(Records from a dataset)
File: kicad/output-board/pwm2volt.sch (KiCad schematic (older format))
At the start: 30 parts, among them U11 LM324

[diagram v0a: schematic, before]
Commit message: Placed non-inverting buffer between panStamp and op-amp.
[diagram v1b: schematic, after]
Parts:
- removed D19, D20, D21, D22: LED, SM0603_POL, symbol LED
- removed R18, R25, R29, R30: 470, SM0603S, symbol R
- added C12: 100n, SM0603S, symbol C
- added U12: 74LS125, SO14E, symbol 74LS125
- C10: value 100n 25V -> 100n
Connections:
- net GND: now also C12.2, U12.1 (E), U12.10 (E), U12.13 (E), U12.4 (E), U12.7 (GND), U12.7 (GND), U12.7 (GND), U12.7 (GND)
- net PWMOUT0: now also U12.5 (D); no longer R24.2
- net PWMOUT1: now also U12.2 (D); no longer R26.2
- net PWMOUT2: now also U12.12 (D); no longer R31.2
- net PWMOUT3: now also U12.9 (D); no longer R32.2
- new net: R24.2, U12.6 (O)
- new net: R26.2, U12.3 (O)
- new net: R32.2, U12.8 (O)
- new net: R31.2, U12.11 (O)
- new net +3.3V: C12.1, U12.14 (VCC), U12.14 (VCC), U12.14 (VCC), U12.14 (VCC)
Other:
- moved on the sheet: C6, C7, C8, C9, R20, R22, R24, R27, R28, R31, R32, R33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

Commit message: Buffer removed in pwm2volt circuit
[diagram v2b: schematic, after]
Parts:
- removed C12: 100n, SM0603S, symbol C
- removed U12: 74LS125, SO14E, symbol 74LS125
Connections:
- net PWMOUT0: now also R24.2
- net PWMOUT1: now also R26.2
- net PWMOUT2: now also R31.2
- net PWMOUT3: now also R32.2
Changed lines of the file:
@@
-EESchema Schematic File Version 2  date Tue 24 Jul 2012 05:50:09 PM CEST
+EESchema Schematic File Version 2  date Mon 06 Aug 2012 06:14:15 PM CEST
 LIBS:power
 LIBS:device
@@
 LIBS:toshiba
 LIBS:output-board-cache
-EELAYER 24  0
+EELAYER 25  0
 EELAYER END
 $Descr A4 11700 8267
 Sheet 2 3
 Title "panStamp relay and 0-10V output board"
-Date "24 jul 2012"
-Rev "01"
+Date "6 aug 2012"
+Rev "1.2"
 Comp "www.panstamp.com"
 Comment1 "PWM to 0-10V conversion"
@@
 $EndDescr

Task directions →
What you retype should run from the first line of the entries above through the line containing "[diagram v1b: schematic, after]", exactly and in full.

Output for this exercise →
File: kicad/output-board/pwm2volt.sch (KiCad schematic (older format))
At the start: 30 parts, among them U11 LM324

[diagram v0a: schematic, before]
Commit message: Placed non-inverting buffer between panStamp and op-amp.
[diagram v1b: schematic, after]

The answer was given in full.